◆ INSTRUCTIONS FOR THE TASK: Print the data exactly as written, line for line, and leave its pictures behind.

Stored records
------------------------------------------------------------------------
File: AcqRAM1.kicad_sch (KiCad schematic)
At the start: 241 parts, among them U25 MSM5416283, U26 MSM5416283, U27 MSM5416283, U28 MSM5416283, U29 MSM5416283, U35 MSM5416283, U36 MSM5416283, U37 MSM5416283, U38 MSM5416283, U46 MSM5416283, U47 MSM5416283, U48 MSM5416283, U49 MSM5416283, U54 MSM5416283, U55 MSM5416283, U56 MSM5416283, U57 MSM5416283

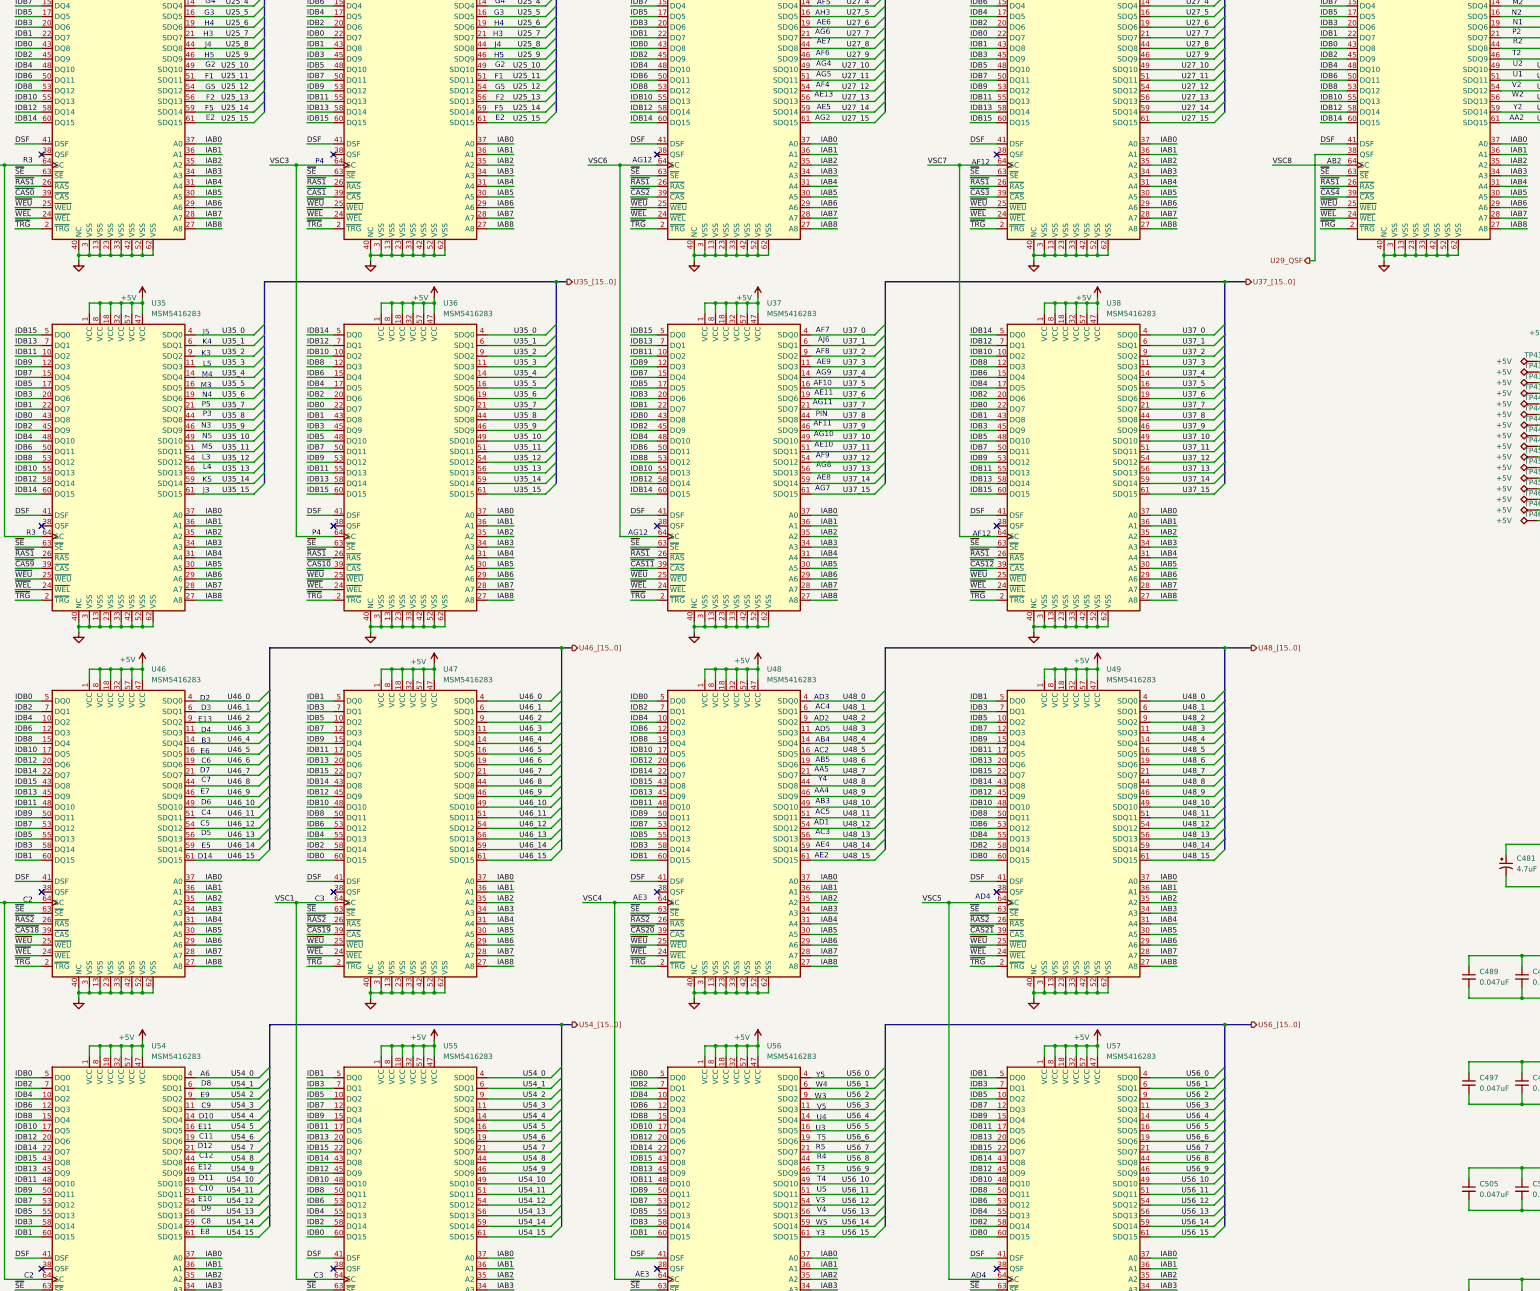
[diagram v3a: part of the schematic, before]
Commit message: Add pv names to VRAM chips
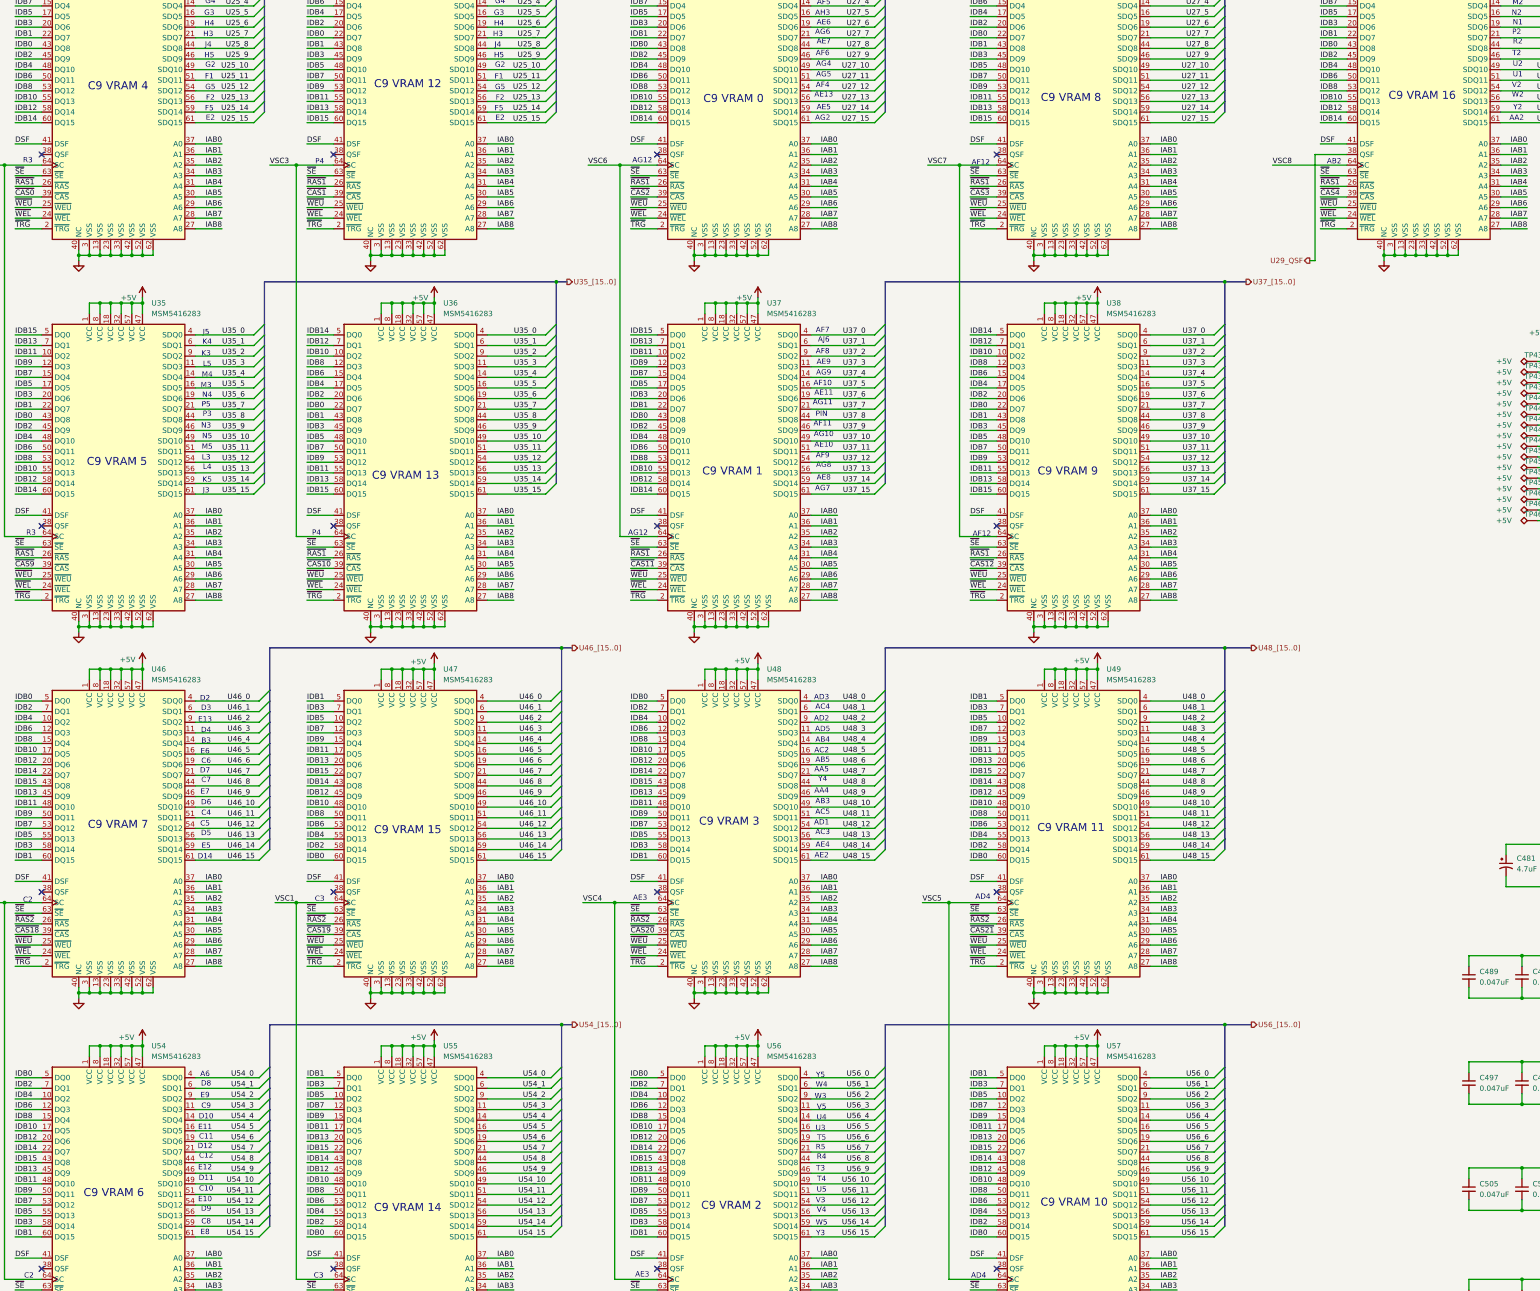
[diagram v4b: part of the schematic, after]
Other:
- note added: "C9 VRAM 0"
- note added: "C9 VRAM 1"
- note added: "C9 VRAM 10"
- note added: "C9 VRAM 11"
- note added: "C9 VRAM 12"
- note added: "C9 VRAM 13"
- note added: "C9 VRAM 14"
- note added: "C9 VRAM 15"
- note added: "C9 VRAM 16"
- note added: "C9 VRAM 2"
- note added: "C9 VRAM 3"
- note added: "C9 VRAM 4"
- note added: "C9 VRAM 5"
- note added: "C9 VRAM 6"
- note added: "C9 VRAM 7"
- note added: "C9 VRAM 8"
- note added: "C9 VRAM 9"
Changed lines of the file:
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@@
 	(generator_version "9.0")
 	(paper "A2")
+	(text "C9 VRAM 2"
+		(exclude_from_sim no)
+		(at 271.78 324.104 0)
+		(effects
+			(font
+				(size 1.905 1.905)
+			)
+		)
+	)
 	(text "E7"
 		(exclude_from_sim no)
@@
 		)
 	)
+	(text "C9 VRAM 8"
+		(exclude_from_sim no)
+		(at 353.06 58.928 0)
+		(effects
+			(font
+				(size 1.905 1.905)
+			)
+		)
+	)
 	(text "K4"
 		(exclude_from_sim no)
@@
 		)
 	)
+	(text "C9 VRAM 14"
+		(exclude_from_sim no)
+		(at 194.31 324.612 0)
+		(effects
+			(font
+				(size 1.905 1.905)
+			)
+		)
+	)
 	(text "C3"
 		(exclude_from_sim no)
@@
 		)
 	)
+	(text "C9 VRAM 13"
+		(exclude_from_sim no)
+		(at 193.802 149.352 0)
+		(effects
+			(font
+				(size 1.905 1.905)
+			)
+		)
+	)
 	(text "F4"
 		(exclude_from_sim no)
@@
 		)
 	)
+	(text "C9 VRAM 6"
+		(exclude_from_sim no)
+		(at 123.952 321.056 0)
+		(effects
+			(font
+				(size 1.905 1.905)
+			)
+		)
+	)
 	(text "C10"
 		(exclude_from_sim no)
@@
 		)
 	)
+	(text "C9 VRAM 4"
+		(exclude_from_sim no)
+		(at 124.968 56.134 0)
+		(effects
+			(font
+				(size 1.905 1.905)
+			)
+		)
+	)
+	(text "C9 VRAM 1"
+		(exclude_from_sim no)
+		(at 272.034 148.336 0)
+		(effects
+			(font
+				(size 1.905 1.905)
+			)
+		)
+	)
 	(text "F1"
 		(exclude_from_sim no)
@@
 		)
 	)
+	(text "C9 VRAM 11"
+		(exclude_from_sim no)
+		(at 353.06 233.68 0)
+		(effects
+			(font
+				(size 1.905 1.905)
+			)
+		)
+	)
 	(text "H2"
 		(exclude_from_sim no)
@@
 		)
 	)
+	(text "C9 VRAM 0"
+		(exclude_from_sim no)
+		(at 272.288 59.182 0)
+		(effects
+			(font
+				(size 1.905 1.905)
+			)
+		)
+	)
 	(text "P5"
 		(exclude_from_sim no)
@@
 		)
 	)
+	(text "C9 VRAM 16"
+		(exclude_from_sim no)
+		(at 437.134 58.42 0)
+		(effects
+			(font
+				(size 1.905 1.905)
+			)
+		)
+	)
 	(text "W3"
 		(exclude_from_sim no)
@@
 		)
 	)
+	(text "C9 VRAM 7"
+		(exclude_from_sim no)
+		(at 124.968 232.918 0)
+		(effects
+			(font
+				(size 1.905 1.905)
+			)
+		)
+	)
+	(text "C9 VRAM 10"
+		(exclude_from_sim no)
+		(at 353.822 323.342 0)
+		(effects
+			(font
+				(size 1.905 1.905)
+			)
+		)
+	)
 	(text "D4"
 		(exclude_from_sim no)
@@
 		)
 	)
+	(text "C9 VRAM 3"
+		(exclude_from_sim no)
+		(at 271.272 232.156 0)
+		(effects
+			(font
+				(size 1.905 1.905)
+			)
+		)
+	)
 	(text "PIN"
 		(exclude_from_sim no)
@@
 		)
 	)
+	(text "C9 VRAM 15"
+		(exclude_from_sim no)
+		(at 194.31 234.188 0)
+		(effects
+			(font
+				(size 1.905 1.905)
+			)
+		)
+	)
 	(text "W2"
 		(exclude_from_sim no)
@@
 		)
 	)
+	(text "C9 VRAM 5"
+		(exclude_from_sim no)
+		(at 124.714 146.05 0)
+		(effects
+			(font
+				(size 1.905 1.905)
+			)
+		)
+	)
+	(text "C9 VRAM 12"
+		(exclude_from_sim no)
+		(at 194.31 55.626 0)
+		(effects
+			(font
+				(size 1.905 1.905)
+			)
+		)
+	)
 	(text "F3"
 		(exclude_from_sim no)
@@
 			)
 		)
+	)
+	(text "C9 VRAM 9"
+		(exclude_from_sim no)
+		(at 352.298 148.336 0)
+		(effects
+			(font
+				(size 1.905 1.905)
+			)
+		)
------------------------------------------------------------------------
◆ EXERCISE RESULT:
File: AcqRAM1.kicad_sch (KiCad schematic)
At the start: 241 parts, among them U25 MSM5416283, U26 MSM5416283, U27 MSM5416283, U28 MSM5416283, U29 MSM5416283, U35 MSM5416283, U36 MSM5416283, U37 MSM5416283, U38 MSM5416283, U46 MSM5416283, U47 MSM5416283, U48 MSM5416283, U49 MSM5416283, U54 MSM5416283, U55 MSM5416283, U56 MSM5416283, U57 MSM5416283

[diagram v3a: part of the schematic, before]
Commit message: Add pv names to VRAM chips
[diagram v4b: part of the schematic, after]
Other:
- note added: "C9 VRAM 0"
- note added: "C9 VRAM 1"
- note added: "C9 VRAM 10"
- note added: "C9 VRAM 11"
- note added: "C9 VRAM 12"
- note added: "C9 VRAM 13"
- note added: "C9 VRAM 14"
- note added: "C9 VRAM 15"
- note added: "C9 VRAM 16"
- note added: "C9 VRAM 2"
- note added: "C9 VRAM 3"
- note added: "C9 VRAM 4"
- note added: "C9 VRAM 5"
- note added: "C9 VRAM 6"
- note added: "C9 VRAM 7"
- note added: "C9 VRAM 8"
- note added: "C9 VRAM 9"
Changed lines of the file:
@@
 	(generator_version "9.0")
 	(paper "A2")
+	(text "C9 VRAM 2"
+		(exclude_from_sim no)
+		(at 271.78 324.104 0)
+		(effects
+			(font
+				(size 1.905 1.905)
+			)
+		)
+	)
 	(text "E7"
 		(exclude_from_sim no)
@@
 		)
 	)
+	(text "C9 VRAM 8"
+		(exclude_from_sim no)
+		(at 353.06 58.928 0)
+		(effects
+			(font
+				(size 1.905 1.905)
+			)
+		)
+	)
 	(text "K4"
 		(exclude_from_sim no)
@@
 		)
 	)
+	(text "C9 VRAM 14"
+		(exclude_from_sim no)
+		(at 194.31 324.612 0)
+		(effects
+			(font
+				(size 1.905 1.905)
+			)
+		)
+	)
 	(text "C3"
 		(exclude_from_sim no)
@@
 		)
 	)
+	(text "C9 VRAM 13"
+		(exclude_from_sim no)
+		(at 193.802 149.352 0)
+		(effects
+			(font
+				(size 1.905 1.905)
+			)
+		)
+	)
 	(text "F4"
 		(exclude_from_sim no)
@@
 		)
 	)
+	(text "C9 VRAM 6"
+		(exclude_from_sim no)
+		(at 123.952 321.056 0)
+		(effects
+			(font
+				(size 1.905 1.905)
+			)
+		)
+	)
 	(text "C10"
 		(exclude_from_sim no)
@@
 		)
 	)
+	(text "C9 VRAM 4"
+		(exclude_from_sim no)
+		(at 124.968 56.134 0)
+		(effects
+			(font
+				(size 1.905 1.905)
+			)
+		)
+	)
+	(text "C9 VRAM 1"
+		(exclude_from_sim no)
+		(at 272.034 148.336 0)
+		(effects
+			(font
+				(size 1.905 1.905)
+			)
+		)
+	)
 	(text "F1"
 		(exclude_from_sim no)
@@
 		)
 	)
+	(text "C9 VRAM 11"
+		(exclude_from_sim no)
+		(at 353.06 233.68 0)
+		(effects
+			(font
+				(size 1.905 1.905)
+			)
+		)
+	)
 	(text "H2"
 		(exclude_from_sim no)
@@
 		)
 	)
+	(text "C9 VRAM 0"
+		(exclude_from_sim no)
+		(at 272.288 59.182 0)
+		(effects
+			(font
+				(size 1.905 1.905)
+			)
+		)
+	)
 	(text "P5"
 		(exclude_from_sim no)
@@
 		)
 	)
+	(text "C9 VRAM 16"
+		(exclude_from_sim no)
+		(at 437.134 58.42 0)
+		(effects
+			(font
+				(size 1.905 1.905)
+			)
+		)
+	)
 	(text "W3"
 		(exclude_from_sim no)
@@
 		)
 	)
+	(text "C9 VRAM 7"
+		(exclude_from_sim no)
+		(at 124.968 232.918 0)
+		(effects
+			(font
+				(size 1.905 1.905)
+			)
+		)
+	)
+	(text "C9 VRAM 10"
+		(exclude_from_sim no)
+		(at 353.822 323.342 0)
+		(effects
+			(font
+				(size 1.905 1.905)
+			)
+		)
+	)
 	(text "D4"
 		(exclude_from_sim no)
@@
 		)
 	)
+	(text "C9 VRAM 3"
+		(exclude_from_sim no)
+		(at 271.272 232.156 0)
+		(effects
+			(font
+				(size 1.905 1.905)
+			)
+		)
+	)
 	(text "PIN"
 		(exclude_from_sim no)
@@
 		)
 	)
+	(text "C9 VRAM 15"
+		(exclude_from_sim no)
+		(at 194.31 234.188 0)
+		(effects
+			(font
+				(size 1.905 1.905)
+			)
+		)
+	)
 	(text "W2"
 		(exclude_from_sim no)
@@
 		)
 	)
+	(text "C9 VRAM 5"
+		(exclude_from_sim no)
+		(at 124.714 146.05 0)
+		(effects
+			(font
+				(size 1.905 1.905)
+			)
+		)
+	)
+	(text "C9 VRAM 12"
+		(exclude_from_sim no)
+		(at 194.31 55.626 0)
+		(effects
+			(font
+				(size 1.905 1.905)
+			)
+		)
+	)
 	(text "F3"
 		(exclude_from_sim no)
@@
 			)
 		)
+	)
+	(text "C9 VRAM 9"
+		(exclude_from_sim no)
+		(at 352.298 148.336 0)
+		(effects
+			(font
+				(size 1.905 1.905)
+			)
+		)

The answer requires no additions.